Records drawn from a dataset
== Segment start ==
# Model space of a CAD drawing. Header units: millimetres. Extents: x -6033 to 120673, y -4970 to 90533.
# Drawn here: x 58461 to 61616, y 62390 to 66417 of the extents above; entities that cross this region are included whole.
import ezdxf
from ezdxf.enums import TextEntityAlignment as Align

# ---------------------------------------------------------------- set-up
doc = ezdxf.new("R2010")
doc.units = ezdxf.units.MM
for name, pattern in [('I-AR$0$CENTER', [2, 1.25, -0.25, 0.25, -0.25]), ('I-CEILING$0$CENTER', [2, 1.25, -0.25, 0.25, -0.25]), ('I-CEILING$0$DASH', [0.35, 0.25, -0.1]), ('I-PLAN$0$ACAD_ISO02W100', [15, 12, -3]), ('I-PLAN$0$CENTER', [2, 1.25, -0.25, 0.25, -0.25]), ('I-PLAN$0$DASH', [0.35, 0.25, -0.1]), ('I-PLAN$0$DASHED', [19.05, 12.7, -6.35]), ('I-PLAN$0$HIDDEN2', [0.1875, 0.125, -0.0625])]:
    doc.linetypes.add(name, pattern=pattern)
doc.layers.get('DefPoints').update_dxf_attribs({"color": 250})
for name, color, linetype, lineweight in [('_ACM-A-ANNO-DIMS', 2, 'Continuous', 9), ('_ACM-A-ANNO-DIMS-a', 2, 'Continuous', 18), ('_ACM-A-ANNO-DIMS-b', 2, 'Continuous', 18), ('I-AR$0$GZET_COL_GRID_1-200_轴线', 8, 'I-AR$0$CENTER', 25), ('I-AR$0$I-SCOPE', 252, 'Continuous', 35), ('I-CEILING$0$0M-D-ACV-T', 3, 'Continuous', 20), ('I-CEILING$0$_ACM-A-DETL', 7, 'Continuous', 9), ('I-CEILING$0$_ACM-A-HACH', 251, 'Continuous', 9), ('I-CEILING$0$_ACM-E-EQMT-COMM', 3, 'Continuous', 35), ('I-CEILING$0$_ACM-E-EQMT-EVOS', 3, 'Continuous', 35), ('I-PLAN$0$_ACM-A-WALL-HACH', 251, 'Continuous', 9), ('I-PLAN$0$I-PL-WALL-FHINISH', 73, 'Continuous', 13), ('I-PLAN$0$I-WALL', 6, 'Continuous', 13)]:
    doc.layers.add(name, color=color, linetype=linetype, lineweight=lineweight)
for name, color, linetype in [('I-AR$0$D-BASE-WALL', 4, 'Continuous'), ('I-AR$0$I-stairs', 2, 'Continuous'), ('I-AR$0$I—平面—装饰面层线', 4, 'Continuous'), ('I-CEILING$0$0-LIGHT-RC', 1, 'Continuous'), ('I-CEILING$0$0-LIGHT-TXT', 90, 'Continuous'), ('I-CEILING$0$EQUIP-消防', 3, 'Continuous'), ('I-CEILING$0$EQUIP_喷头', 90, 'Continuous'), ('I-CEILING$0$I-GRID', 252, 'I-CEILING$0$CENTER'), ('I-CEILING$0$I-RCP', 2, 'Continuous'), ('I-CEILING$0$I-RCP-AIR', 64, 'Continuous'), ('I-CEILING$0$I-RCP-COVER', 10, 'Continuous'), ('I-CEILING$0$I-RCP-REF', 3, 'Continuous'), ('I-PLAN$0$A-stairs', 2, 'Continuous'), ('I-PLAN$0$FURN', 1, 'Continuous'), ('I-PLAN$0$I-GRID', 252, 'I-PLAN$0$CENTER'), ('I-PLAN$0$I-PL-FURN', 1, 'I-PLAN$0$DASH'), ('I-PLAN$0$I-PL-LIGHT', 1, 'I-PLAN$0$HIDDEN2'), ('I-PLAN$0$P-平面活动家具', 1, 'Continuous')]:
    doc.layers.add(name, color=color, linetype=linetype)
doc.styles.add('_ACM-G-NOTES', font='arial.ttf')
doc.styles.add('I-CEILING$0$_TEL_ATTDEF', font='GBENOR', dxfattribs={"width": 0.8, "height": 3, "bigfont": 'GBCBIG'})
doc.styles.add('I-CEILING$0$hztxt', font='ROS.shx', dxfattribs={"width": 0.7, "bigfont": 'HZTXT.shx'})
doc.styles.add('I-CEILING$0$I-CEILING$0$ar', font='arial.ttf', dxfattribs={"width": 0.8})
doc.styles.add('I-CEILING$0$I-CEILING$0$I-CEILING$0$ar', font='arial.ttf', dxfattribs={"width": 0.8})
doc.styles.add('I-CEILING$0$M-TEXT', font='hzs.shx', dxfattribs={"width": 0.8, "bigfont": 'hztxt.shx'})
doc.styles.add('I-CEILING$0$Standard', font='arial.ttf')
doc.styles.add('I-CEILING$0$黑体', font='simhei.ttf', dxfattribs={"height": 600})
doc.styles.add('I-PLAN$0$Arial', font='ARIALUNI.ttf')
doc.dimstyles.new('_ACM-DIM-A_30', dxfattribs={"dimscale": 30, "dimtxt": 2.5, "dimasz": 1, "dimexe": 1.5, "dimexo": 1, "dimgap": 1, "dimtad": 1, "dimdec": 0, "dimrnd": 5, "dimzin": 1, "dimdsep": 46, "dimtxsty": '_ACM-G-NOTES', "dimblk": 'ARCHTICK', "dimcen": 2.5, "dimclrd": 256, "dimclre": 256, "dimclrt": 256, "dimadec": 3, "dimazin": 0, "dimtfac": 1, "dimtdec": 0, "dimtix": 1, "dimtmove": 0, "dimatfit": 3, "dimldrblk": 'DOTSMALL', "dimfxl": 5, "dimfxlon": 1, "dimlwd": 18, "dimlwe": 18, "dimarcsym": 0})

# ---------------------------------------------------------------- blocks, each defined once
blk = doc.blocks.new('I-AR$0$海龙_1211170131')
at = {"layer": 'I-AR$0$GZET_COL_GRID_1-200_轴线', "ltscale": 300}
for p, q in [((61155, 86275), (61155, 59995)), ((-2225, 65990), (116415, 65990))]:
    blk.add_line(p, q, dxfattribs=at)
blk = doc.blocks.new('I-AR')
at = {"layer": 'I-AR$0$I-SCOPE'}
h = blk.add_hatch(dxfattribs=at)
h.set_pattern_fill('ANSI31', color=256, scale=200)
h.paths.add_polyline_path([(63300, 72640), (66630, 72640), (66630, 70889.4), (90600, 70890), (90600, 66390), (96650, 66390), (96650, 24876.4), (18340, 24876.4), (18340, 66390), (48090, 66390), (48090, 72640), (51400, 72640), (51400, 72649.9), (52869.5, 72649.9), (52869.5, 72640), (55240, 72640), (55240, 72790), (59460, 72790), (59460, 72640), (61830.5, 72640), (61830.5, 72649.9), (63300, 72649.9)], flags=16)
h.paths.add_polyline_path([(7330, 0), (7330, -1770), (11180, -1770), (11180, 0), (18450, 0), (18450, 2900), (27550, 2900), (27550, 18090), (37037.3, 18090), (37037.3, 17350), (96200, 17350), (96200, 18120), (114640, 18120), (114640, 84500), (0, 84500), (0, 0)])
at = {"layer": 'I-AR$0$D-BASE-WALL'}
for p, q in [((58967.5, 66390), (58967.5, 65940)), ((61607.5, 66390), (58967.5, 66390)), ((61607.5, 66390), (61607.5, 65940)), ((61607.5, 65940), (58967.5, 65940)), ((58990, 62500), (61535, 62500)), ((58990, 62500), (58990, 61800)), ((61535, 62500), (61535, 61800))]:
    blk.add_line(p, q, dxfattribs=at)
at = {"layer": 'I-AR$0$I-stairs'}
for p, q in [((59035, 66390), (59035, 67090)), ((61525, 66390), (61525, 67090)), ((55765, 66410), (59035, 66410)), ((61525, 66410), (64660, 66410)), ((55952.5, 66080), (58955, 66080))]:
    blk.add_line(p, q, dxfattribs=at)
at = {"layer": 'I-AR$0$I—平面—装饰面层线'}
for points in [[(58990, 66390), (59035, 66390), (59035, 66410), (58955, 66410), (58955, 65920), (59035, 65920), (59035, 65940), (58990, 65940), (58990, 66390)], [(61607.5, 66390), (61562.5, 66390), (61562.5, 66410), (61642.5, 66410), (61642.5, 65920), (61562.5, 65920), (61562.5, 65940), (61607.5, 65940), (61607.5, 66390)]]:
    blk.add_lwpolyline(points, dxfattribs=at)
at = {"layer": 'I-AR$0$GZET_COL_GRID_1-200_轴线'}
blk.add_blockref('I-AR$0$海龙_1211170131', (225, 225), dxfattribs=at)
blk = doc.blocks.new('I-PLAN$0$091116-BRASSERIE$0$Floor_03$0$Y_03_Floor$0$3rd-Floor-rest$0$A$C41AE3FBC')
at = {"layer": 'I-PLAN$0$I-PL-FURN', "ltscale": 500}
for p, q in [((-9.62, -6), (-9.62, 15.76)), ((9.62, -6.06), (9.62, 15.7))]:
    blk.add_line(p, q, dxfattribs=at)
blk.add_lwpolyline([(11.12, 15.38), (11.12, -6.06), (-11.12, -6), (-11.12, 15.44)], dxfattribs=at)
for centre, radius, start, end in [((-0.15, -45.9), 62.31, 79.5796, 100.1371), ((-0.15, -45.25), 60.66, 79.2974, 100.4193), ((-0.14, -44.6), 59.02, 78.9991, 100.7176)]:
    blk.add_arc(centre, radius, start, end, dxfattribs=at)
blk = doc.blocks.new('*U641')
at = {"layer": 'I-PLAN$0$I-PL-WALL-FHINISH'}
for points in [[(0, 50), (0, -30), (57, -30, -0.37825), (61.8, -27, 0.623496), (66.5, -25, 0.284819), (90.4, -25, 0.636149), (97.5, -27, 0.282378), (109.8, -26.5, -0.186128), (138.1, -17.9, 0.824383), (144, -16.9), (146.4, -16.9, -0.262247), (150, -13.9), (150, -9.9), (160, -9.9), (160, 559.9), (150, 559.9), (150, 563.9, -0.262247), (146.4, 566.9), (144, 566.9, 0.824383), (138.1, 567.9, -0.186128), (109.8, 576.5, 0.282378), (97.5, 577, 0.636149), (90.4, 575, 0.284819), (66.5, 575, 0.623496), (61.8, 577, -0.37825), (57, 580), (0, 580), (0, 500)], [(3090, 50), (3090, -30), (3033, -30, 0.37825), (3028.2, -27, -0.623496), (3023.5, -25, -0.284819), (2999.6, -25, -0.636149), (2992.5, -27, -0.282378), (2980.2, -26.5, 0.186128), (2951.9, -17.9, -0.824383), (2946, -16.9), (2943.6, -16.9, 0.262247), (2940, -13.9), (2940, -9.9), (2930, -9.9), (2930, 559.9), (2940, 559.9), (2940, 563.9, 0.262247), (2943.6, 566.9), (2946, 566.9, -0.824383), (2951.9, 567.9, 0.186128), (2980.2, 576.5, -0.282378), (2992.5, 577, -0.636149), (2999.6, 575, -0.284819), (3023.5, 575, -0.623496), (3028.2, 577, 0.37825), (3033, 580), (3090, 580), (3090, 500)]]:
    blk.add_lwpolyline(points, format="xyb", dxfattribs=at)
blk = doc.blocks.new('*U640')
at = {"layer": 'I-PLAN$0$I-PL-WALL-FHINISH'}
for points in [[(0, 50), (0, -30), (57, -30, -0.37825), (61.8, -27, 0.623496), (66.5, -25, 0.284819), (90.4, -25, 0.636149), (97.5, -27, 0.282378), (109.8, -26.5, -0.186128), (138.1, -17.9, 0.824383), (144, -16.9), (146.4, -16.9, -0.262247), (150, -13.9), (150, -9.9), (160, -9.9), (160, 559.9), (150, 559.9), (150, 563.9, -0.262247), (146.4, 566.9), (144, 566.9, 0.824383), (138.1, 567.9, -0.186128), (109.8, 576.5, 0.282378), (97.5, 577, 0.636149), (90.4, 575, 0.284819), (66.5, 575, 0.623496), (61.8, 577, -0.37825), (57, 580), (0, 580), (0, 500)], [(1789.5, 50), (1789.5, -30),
== Segment end ==
Problem statement
Among the entries above, find the line with "from ezdxf.enums import" and the line with "doc.units = ezdxf.units.MM"; give again exactly these two lines and all lines between them.

Solved exercise
from ezdxf.enums import TextEntityAlignment as Align

# ---------------------------------------------------------------- set-up
doc = ezdxf.new("R2010")
doc.units = ezdxf.units.MM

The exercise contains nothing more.